OBJECTIVES: Duchenne-type muscular dystrophy (DMD) is an X-linked recessive inherited disease affecting mainly the skeletal and cardiac muscles. We aimed to seek associations between the incidence of ventricular arrhythmias and corrected QT (QTc) dispersion and its component, corrected JT (JTc) dispersion in patients with DMD. STUDY
DESIGN: The study included 43 consecutive male patients (mean age 8.8+/-3.0 years; range 3 to 17 years) with DMD. On standard 12-lead electrocardiograms (ECG) the QT and JT intervals and the corrected QT (QTc) and JTc dispersions were calculated. Ventricular extrasystoles were assessed on 24-hour Holter ECG recordings. Ventricular dysrhythmic patterns were evaluated according to the Lown-Wolf classification. The results were compared with those of a control group of 34 healthy children (mean age 9.5+/-3.1 years).

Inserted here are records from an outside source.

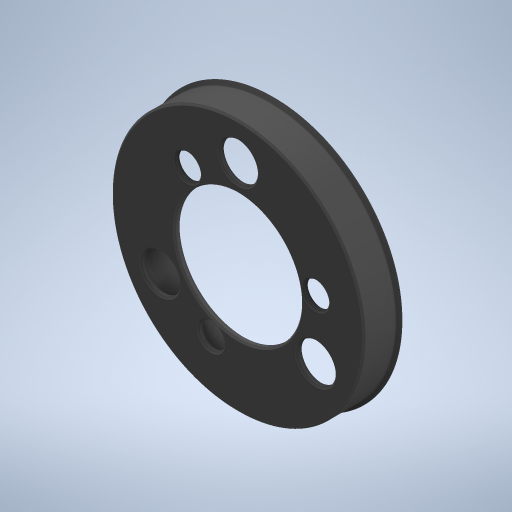
# Autodesk Inventor part: planet_bearing_spacer
Saved by Autodesk Inventor 2023 (Build 270158000, 158)
## iProperties
Created: 2023-11-23
Part Number: planet_bearing_spacer
Material: PC/ABS Plastic
Document SubType Name: Modeling
Designer: aaron
Density: 0.357273 g/cm^3
Appearance: Smooth - White
Author: aaron
Autodesk Inventor part; units mm, degrees
ref_plane "YZ Plane" through (0, 0, 0) normal (1, 0, 0) x (0, 1, 0)
ref_plane "XZ Plane" through (0, 0, 0) normal (0, 1, 0) x (-1, 0, 0)
ref_plane "XY Plane" through (0, 0, 0) normal (0, 0, 1) x (1, 0, 0)
sketch "Sketch1" plane through (0, 0, 0) normal (0, 0, 1) x (1, 0, 0)
  circle A0 centre (0, 0) radius 40.05
  circle A1 centre (0, 0) radius 34.925
  dimension "d0" = 80.1
  dimension "d1" = 69.85
  constraints: 2 centre point, 2 coincident
  measures "d0" diameter of A0
  measures "d1" diameter of A1
extrude "Extrusion1" add sketch "Sketch1" along normal blind 9.6
sketch "Sketch2" plane through (0, 0, 9.6) normal (0, 0, 1) x (1, 0, 0)
  circle A0 centre (0, 0) radius 20
  circle A1 centre (0, 0) radius 40.05 projected
  line L0 (0, 0) -> (0, 61.5181)
  circle A2 centre (0, 0) radius 28.5
  circle A3 centre (0, 0) radius 25
  line L1 (0, 0) -> (-40.7696, 48.5873)
  circle A4 centre (0, 28.5) radius 6
  circle A5 centre (-16.0697, 19.1511) radius 4
  circle A6 centre (-24.6817, -14.25) radius 6
  circle A7 centre (-8.5505, -23.4923) radius 4
  circle A8 centre (24.6817, -14.25) radius 6
  circle A9 centre (24.6202, 4.3412) radius 4
  point P0 (21.1514, -19.1015)
  point P1 (28.352, 2.9011)
  point P2 (23.6127, 8.2122)
  point P3 (19.0171, -16.228)
  point P4 (24.9974, 0.359)
  point P5 (27.6344, 6.9708)
  point P6 (23.5624, -8.3553)
  point P7 (27.1181, -8.7669)
  dimension "d5" = 57
  dimension "d6" = 50
  dimension "d4" = 40
  dimension "d7" = 12
  dimension "d8" = 40
  dimension "d9" = 8
  dimension "d12" = 360
  constraints: 7 centre point, 4 end point, 3 coincident, 2 point on line, 1 vertical, 19 other
  measures "d4" diameter of A0
  measures "d7" diameter of A4
  measures "d8" angle of L1 L0
  measures "d9" diameter of A5
extrude "Extrusion2" add sketch "Sketch2" along normal blind 2 contours A0 L0 A4 A3 A9 A8 A7 A6 A5 L1 | A0 L1 A5 A3 A4 L0 | A3 A5 A2 A4 | A4 A2 A9 A3 | A3 A6 A2 A5 | A2 A5 L1 A1 L0 A4 | A4 L0 A1 L1 A5 A2 A6 A7 A8 A9 | A9 A2 A8 A3 | A3 A7 A2 A6 | A3 A8 A2 A7
sketch "Sketch3" plane through (0, 0, 0) normal (0, 0, -1) x (-1, 0, 0)
  circle A0 centre (0, 0) radius 40.05 projected
  circle A1 centre (0, 0) radius 41.05
  dimension "d16" = 1
  constraints: 1 centre point
  measures "d16" radial gap between concentric circles of A0 A1
extrude "Extrusion3" add sketch "Sketch3" against normal blind 1
chamfer "Chamfer1" distance 0.5 angle 45 2 edges at (-40.05, 0, 1) (41.05, 0, 1)
chamfer "Chamfer2" distance 1 angle 45 1 edges at (-34.925, 0, 0)
chamfer "Chamfer3" distance 0.5 angle 45 1 edges at (41.05, 0, 0)
chamfer "Chamfer4" distance 0.5 angle 45 15 edges at (-40.05, 0, 11.6) (-6, 28.5, 11.6) (-20.0697, 19.1511, 11.6) (18.6817, -14.25, 11.6) (20.6202, 4.3412, 11.6) (-30.6817, -14.25, 11.6) (-12.5505, -23.4923, 11.6) (-20, 0, 11.6) (-20, 0, 9.6) (-12.5505, -23.4923, 9.6) (-30.6817, -14.25, 9.6) (20.6202, 4.3412, 9.6) (18.6817, -14.25, 9.6) (-6, 28.5, 9.6) (-20.0697, 19.1511, 9.6)
body "Solid1"
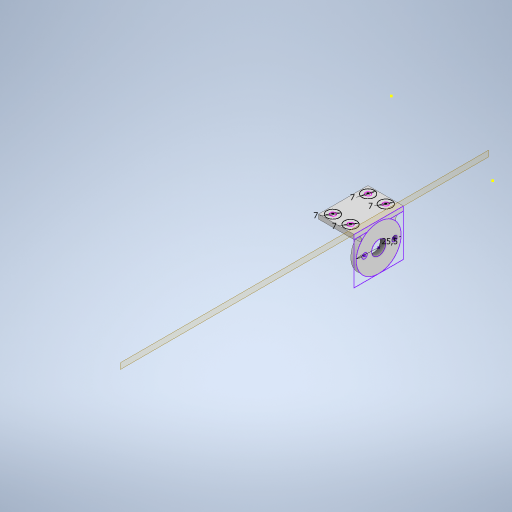
# Autodesk Inventor part: крепёж_мотора_прототип
Saved by Autodesk Inventor 2023 (Build 270158000, 158)
## iProperties
Created: 2025-12-12
Part Number: крепёж_мотора_прототип
Material: Типовые
Document SubType Name: Modeling
Designer: garin
Density: 1 g/cm^3
Appearance: По умолчанию
Author: garin
Autodesk Inventor part; units mm, degrees
ref_plane "YZ Plane" through (0, 0, 0) normal (1, 0, 0) x (0, 1, 0)
ref_plane "XZ Plane" through (0, 0, 0) normal (0, 1, 0) x (-1, 0, 0)
ref_plane "XY Plane" through (0, 0, 0) normal (0, 0, 1) x (1, 0, 0)
ref_plane "РабПлоскость1" through (57.3886, 15.9976, 24.7396) normal (1, 0, 0) x (0, 1, 0)
sketch "Эскиз1" plane through (57.3886, 15.9976, 24.7396) normal (1, 0, 0) x (0, 1, 0)
  circle A0 centre (-16.5, 48) radius 1.5
  circle A1 centre (-16.5, 31) radius 1.5
  circle A2 centre (-16.5, 40) radius 4
  line L0 (-3, 26) -> (-3, 54)
  circle A3 centre (-16.5, 40) radius 12.75
  line L1 (-3, 54) -> (-3, 26)
  line L2 (-3, 27.25) -> (-3, 52.75)
  line L3 (-3, 26) -> (-29.25, 26)
  line L4 (-29.25, 26) -> (-29.25, 54)
  line L5 (-29.25, 54) -> (-3, 54)
  line L6 (-3, 54) -> (-3, 26)
  line L7 (-5.5313, 46.5) -> (-5.5313, 54)
  line L8 (-3, 54) -> (-3, 26)
  line L9 (-5.5313, 26) -> (-5.5313, 33.5)
  point P0 (-15.9976, -24.7396)
  point P1 (-3, 26)
  dimension "d15" = 25.5
  constraints: 20 end point, 5 point on line, 4 centre point, 4 equal length, 2 point on circle, 1 coincident, 1 horizontal, 1 perpendicular, 1 vertical
  measures "d15" diameter of A3
extrude "Выдавливание1" add sketch "Эскиз1" against normal blind 3 contours A3
extrude "Выдавливание2" add sketch "Эскиз1" against normal blind 20 contours L3 L9 A3 L7 L5 L0
fillet "Сопряжение1" radius 2 1 edges at (55.8886, 10.4663, 58.2396)
fillet "Сопряжение2" radius 2 1 edges at (55.8886, 10.4663, 71.2396)
sketch "Эскиз2" plane through (57.3886, 12.9976, 78.7396) normal (0, 1, 0) x (1, 0, 0)
  point P0 (-57.3886, 78.7396)
sketch "Эскиз4" plane through (57.3886, 12.9976, 78.7396) normal (0, 1, 0) x (1, 0, 0)
  circle A0 centre (-6, 24) radius 1.5 projected
  circle A1 centre (-6, 24) radius 3.5
  circle A2 centre (-6, 4) radius 1.5 projected
  circle A3 centre (-6, 4) radius 3.5
  circle A4 centre (-16, 4) radius 1.5 projected
  circle A5 centre (-16, 4) radius 3.5
  circle A6 centre (-16, 24) radius 1.5 projected
  circle A7 centre (-16, 24) radius 3.5
  point P0 (-57.3886, 78.7396)
  dimension "d33" = 7
  dimension "d34" = 7
  dimension "d35" = 7
  dimension "d36" = 7
  constraints: 4 centre point, 4 coincident
  measures "d33" diameter of A1
  measures "d34" diameter of A3
  measures "d35" diameter of A5
  measures "d36" diameter of A7
extrude "Выдавливание5" cut sketch "Эскиз4" against normal blind 2 from surface at -2.5313

RESULTS: The mean QTc and JTc dispersion values were significantly higher in DMD patients compared to controls (QTc: 78.0+/-20.6 msec vs. 50.9+/-16.5 msec; JTc: 77.6+/-20.5 msec vs. 50.8+/-17.7 msec; p<0.05). The results of Holter monitoring were evaluated in 36 patients and in 33 controls. Ventricular extrasystoles were found in six patients (16.7%) and in one (grade I) control subject (3%). The incidence of pathological findings was significantly higher in the study group (p<0.05), including grade I pathology in four patients, grade II pathology in one patient, and grade IV in one patient. QTc and JTc dispersion values of the patients with and without ventricular extrasystoles showed no statistically significant difference (p>0.05).
CONCLUSION: Similar QTc and JTc dispersion values detected in patients with and without ventricular extrasystoles may suggest that ventricular repolarization abnormalities occur in early life and may predispose to the development of ventricular arrhythmias in the long-term.